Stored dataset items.
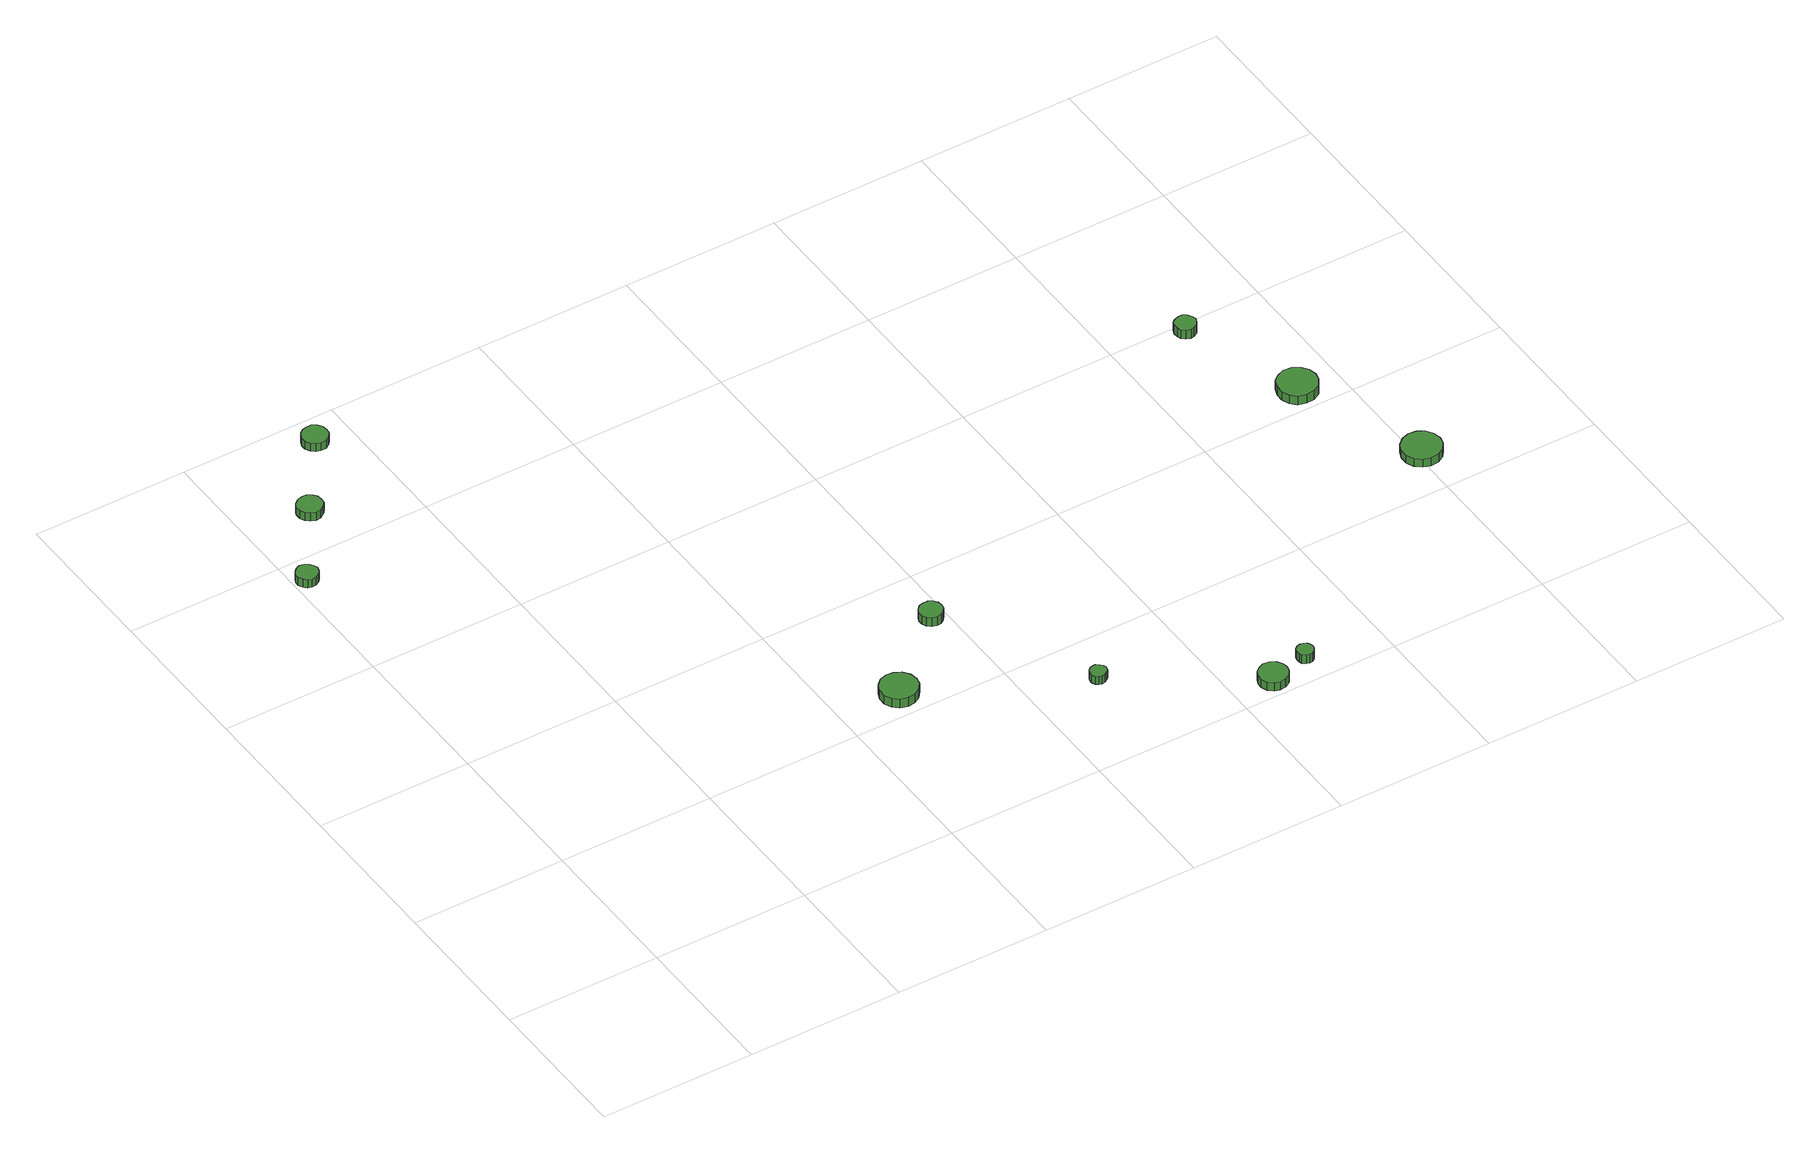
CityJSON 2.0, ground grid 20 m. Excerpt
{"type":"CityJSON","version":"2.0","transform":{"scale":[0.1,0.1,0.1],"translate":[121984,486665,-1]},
"CityObjects":{
"tree1":{"type":"SolitaryVegetationObject","attributes":{"function":"something"},"geometry":[{"type":"MultiSurface","lod":"1","boundaries":[[[0,1,2,3,4,5,6,7,8,9,10,11,12,13,14]],[[15,16,17,18,19,20,21,22,23,24,25,26,27,28,29]],[[0,29,28,1]],[[1,28,27,2]],[[2,27,26,3]],[[3,26,25,4]],[[4,25,24,5]],[[5,24,23,6]],[[6,23,22,7]],[[7,22,21,8]],[[8,21,20,9]],[[9,20,19,10]],[[10,19,18,11]],[[11,18,17,12]],[[12,17,16,13]],[[13,16,15,14]],[[14,15,29,0]]]}]},
"tree2":{"type":"SolitaryVegetationObject","attributes":{"function":"something"},"geometry":[{"type":"MultiSurface","lod":"1","boundaries":[[[30,31,32,33,34,35,36,37,38,39,40,41,42,43,44]],[[45,46,47,48,49,50,51,52,53,54,55,56,57,58,59]],[[30,59,58,31]],[[31,58,57,32]],[[32,57,56,33]],[[33,56,55,34]],[[34,55,54,35]],[[35,54,53,36]],[[36,53,52,37]],[[37,52,51,38]],[[38,51,50,39]],[[39,50,49,40]],[[40,49,48,41]],[[41,48,47,42]],[[42,47,46,43]],[[43,46,45,44]],[[44,45,59,30]]]}]},
"tree3":{"type":"SolitaryVegetationObject","attributes":{"function":"something"},"geometry":[{"type":"MultiSurface","lod":"1","boundaries":[[[60,61,62,63,64,65,66,67,68,69,70,71,72,73,74]],[[75,76,77,78,79,80,81,82,83,84,85,86,87,88,89]],[[60,89,88,61]],[[61,88,87,62]],[[62,87,86,63]],[[63,86,85,64]],[[64,85,84,65]],[[65,84,83,66]],[[66,83,82,67]],[[67,82,81,68]],[[68,81,80,69]],[[69,80,79,70]],[[70,79,78,71]],[[71,78,77,72]],[[72,77,76,73]],[[73,76,75,74]],[[74,75,89,60]]]}]},
"tree4":{"type":"SolitaryVegetationObject","attributes":{"function":"something"},"geometry":[{"type":"MultiSurface","lod":"1","boundaries":[[[90,91,92,93,94,95,96,97,98,99,100,101,102,103,104]],[[105,106,107,108,109,110,111,112,113,114,115,116,117,118,119]],[[90,119,118,91]],[[91,118,117,92]],[[92,117,116,93]],[[93,116,115,94]],[[94,115,114,95]],[[95,114,113,96]],[[96,113,112,97]],[[97,112,111,98]],[[98,111,110,99]],[[99,110,109,100]],[[100,109,108,101]],[[101,108,107,102]],[[102,107,106,103]],[[103,106,105,104]],[[104,105,119,90]]]}]},
"tree5":{"type":"SolitaryVegetationObject","attributes":{"function":"something"},"geometry":[{"type":"MultiSurface","lod":"1","boundaries":[[[120,121,122,123,124,125,126,127,128,129,130,131,132,133,134]],[[135,136,137,138,139,140,141,142,143,144,145,146,147,148,149]],[[120,149,148,121]],[[121,148,147,122]],[[122,147,146,123]],[[123,146,145,124]],[[124,145,144,125]],[[125,144,143,126]],[[126,143,142,127]],[[127,142,141,128]],[[128,141,140,129]],[[129,140,139,130]],[[130,139,138,131]],[[131,138,137,132]],[[132,137,136,133]],[[133,136,135,134]],[[134,135,149,120]]]}]},
"tree6":{"type":"SolitaryVegetationObject","attributes":{"function":"something"},"geometry":[{"type":"MultiSurface","lod":"1","boundaries":[[[150,151,152,153,154,155,156,157,158,159,160,161,162,163,164]],[[165,166,167,168,169,170,171,172,173,174,175,176,177,178,179]],[[150,179,178,151]],[[151,178,177,152]],[[152,177,176,153]],[[153,176,175,154]],[[154,175,174,155]],[[155,174,173,156]],[[156,173,172,157]],[[157,172,171,158]],[[158,171,170,159]],[[159,170,169,160]],[[160,169,168,161]],[[161,168,167,162]],[[162,167,166,163]],[[163,166,165,164]],[[164,165,179,150]]]}]},
"tree7":{"type":"SolitaryVegetationObject","attributes":{"function":"something"},"geometry":[{"type":"MultiSurface","lod":"1","boundaries":[[[180,181,182,183,184,185,186,187,188,189,190,191,192,193,194]],[[195,196,197,198,199,200,201,202,203,204,205,206,207,208,209]],[[180,209,208,181]],[[181,208,207,182]],[[182,207,206,183]],[[183,206,205,184]],[[184,205,204,185]],[[185,204,203,186]],[[186,203,202,187]],[[187,202,201,188]],[[188,201,200,189]],[[189,200,199,190]],[[190,199,198,191]],[[191,198,197,192]],[[192,197,196,193]],[[193,196,195,194]],[[194,195,209,180]]]}]},
"tree8":{"type":"SolitaryVegetationObject","attributes":{"function":"something"},"geometry":[{"type":"MultiSurface","lod":"1","boundaries":[[[210,211,212,213,214,215,216,217,218,219,220,221,222,223,224]],[[225,226,227,228,229,230,231,232,233,234,235,236,237,238,239]],[[210,239,238,211]],[[211,238,237,212]],[[212,237,236,213]],[[213,236,235,214]],[[214,235,234,215]],[[215,234,233,216]],[[216,233,232,217]],[[217,232,231,218]],[[218,231,230,219]],[[219,230,229,220]],[[220,229,228,221]],[[221,228,227,222]],[[222,227,226,223]],[[223,226,225,224]],[[224,225,239,210]]]}]},
"tree9":{"type":"SolitaryVegetationObject","attributes":{"function":"something"},"geometry":[{"type":"MultiSurface","lod":"1","boundaries":[[[240,241,242,243,244,245,246,247,248,249,250,251,252,253,254]],[[255,256,257,258,259,260,261,262,263,264,265,266,267,268,269]],[[240,269,268,241]],[[241,268,267,242]],[[242,267,266,243]],[[243,266,265,244]],[[244,265,264,245]],[[245,264,263,246]],[[246,263,262,247]],[[247,262,261,248]],[[248,261,260,249]],[[249,260,259,250]],[[250,259,258,251]],[[251,258,257,252]],[[252,257,256,253]],[[253,256,255,254]],[[254,255,269,240]]]}]},
"tree10":{"type":"SolitaryVegetationObject","attributes":{"function":"something"},"geometry":[{"type":"MultiSurface","lod":"1","boundaries":[[[270,271,272,273,274,275,276,277,278,279,280,281,282,283,284]],[[285,286,287,288,289,290,291,292,293,294,295,296,297,298,299]],[[270,299,298,271]],[[271,298,297,272]],[[272,297,296,273]],[[273,296,295,274]],[[274,295,294,275]],[[275,294,293,276]],[[276,293,292,277]],[[277,292,291,278]],[[278,291,290,279]],[[279,290,289,280]],[[280,289,288,281]],[[281,288,287,282]],[[282,287,286,283]],[[283,286,285,284]],[[284,285,299,270]]]}]},
"tree11":{"type":"SolitaryVegetationObject","attributes":{"function":"something"},"geometry":[{"type":"MultiSurface","lod":"1","boundaries":[[[300,301,302,303,304,305,306,307,308,309,310,311,312,313,314]],[[315,316,317,318,319,320,321,322,323,324,325,326,327,328,329]],[[300,329,328,301]],[[301,328,327,302]],[[302,327,326,303]],[[303,326,325,304]],[[304,325,324,305]],[[305,324,323,306]],[[306,323,322,307]],[[307,322,321,308]],[[308,321,320,309]],[[309,320,319,310]],[[310,319,318,311]],[[311,318,317,312]],[[312,317,316,313]],[[313,316,315,314]],[[314,315,329,300]]]}]}
},
"vertices":[
[32,767,19],[30,773,19],[27,777,19],[22,780,19],[16,781,19],[11,779,19],[7,775,19],[4,770,19],[4,764,19],[7,759,19],[11,755,19],[16,753,19],[22,754,19],[27,757,19],[30,761,19],[30,761,7],[27,757,7],[22,754,7],[16,753,7],[11,755,7],[7,759,7],[4,764,7],[4,770,7],[7,775,7],[11,779,7],[16,781,7],[22,780,7],[27,777,7],[30,773,7],[32,767,7],
[100,864,19],[99,871,19],[95,876,19],[89,880,19],[82,880,19],[76,878,19],[71,874,19],[68,868,19],[68,861,19],[71,855,19],[76,851,19],[82,848,19],[89,849,19],[95,853,19],[99,858,19],[99,858,7],[95,853,7],[89,849,7],[82,848,7],[76,851,7],[71,855,7],[68,861,7],[68,868,7],[71,874,7],[76,878,7],[82,880,7],[89,880,7],[95,876,7],[99,871,7],[100,864,7],
[170,963,19],[169,970,19],[165,975,19],[159,979,19],[152,979,19],[146,977,19],[141,973,19],[138,966,19],[138,960,19],[141,953,19],[146,949,19],[152,947,19],[159,947,19],[165,951,19],[169,956,19],[169,956,7],[165,951,7],[159,947,7],[152,947,7],[146,949,7],[141,953,7],[138,960,7],[138,966,7],[141,973,7],[146,977,7],[152,979,7],[159,979,7],[165,975,7],[169,970,7],[170,963,7],
[502,233,22],[500,243,22],[494,251,22],[485,256,22],[476,257,22],[466,254,22],[459,247,22],[455,238,22],[455,228,22],[459,219,22],[466,213,22],[476,210,22],[485,211,22],[494,216,22],[500,224,22],[500,224,9],[494,216,9],[485,211,9],[476,210,9],[466,213,9],[459,219,9],[455,228,9],[455,238,9],[459,247,9],[466,254,9],[476,257,9],[485,256,9],[494,251,9],[500,243,9],[502,233,9],
[595,325,22],[594,331,22],[590,336,22],[585,339,22],[579,339,22],[573,338,22],[568,333,22],[566,328,22],[566,322,22],[568,316,22],[573,312,22],[579,310,22],[585,311,22],[590,314,22],[594,319,22],[594,319,9],[590,314,9],[585,311,9],[579,310,9],[573,312,9],[568,316,9],[566,322,9],[566,328,9],[568,333,9],[573,338,9],[579,339,9],[585,339,9],[590,336,9],[594,331,9],[595,325,9],
[694,132,23],[693,136,23],[690,139,23],[686,142,23],[682,142,23],[678,141,23],[675,138,23],[673,134,23],[673,129,23],[675,125,23],[678,123,23],[682,121,23],[686,122,23],[690,124,23],[693,127,23],[693,127,11],[690,124,11],[686,122,11],[682,121,11],[678,123,11],[675,125,11],[673,129,11],[673,134,11],[675,138,11],[678,141,11],[682,142,11],[686,142,11],[690,139,11],[693,136,11],[694,132,11],
[868,20,24],[866,28,24],[862,34,24],[855,38,24],[847,39,24],[840,36,24],[834,31,24],[831,24,24],[831,17,24],[834,9,24],[840,4,24],[847,2,24],[855,3,24],[862,7,24],[866,13,24],[866,13,12],[862,7,12],[855,3,12],[847,2,12],[840,4,12],[834,9,12],[831,17,12],[831,24,12],[834,31,12],[840,36,12],[847,39,12],[855,38,12],[862,34,12],[866,28,12],[868,20,12],
[912,34,24],[911,39,24],[909,42,24],[905,44,24],[901,45,24],[897,44,24],[893,41,24],[892,37,24],[892,32,24],[893,28,24],[897,25,24],[901,24,24],[905,24,24],[909,27,24],[911,30,24],[911,30,11],[909,27,11],[905,24,11],[901,24,11],[897,25,11],[893,28,11],[892,32,11],[892,37,11],[893,41,11],[897,44,11],[901,45,11],[905,44,11],[909,42,11],[911,39,11],[912,34,11],
[1104,582,27],[1102,587,27],[1099,592,27],[1094,595,27],[1089,595,27],[1083,593,27],[1079,590,27],[1077,585,27],[1077,579,27],[1079,574,27],[1083,570,27],[1089,568,27],[1094,569,27],[1099,572,27],[1102,576,27],[1102,576,14],[1099,572,14],[1094,569,14],[1089,568,14],[1083,570,14],[1079,574,14],[1077,579,14],[1077,585,14],[1079,590,14],[1083,593,14],[1089,595,14],[1094,595,14],[1099,592,14],[1102,587,14],[1104,582,14],
[1168,428,26],[1166,438,26],[1160,446,26],[1151,452,26],[1140,453,26],[1130,449,26],[1123,443,26],[1119,433,26],[1119,423,26],[1123,413,26],[1130,406,26],[1140,403,26],[1151,404,26],[1160,409,26],[1166,418,26],[1166,418,13],[1160,409,13],[1151,404,13],[1140,403,13],[1130,406,13],[1123,413,13],[1119,423,13],[1119,433,13],[1123,443,13],[1130,449,13],[1140,453,13],[1151,452,13],[1160,446,13],[1166,438,13],[1168,428,13],
[1228,258,26],[1226,268,26],[1220,277,26],[1211,282,26],[1200,283,26],[1191,280,26],[1183,273,26],[1179,264,26],[1179,253,26],[1183,244,26],[1191,237,26],[1200,234,26],[1211,235,26],[1220,240,26],[1226,248,26],[1226,248,14],[1220,240,14],[1211,235,14],[1200,234,14],[1191,237,14],[1183,244,14],[1179,253,14],[1179,264,14],[1183,273,14],[1191,280,14],[1200,283,14],[1211,282,14],[1220,277,14],[1226,268,14],[1228,258,14]
]}

Work request.
Collect each line above holding the string "CityJSON".

Solution.
CityJSON 2.0, ground grid 20 m. Excerpt
{"type":"CityJSON","version":"2.0","transform":{"scale":[0.1,0.1,0.1],"translate":[121984,486665,-1]},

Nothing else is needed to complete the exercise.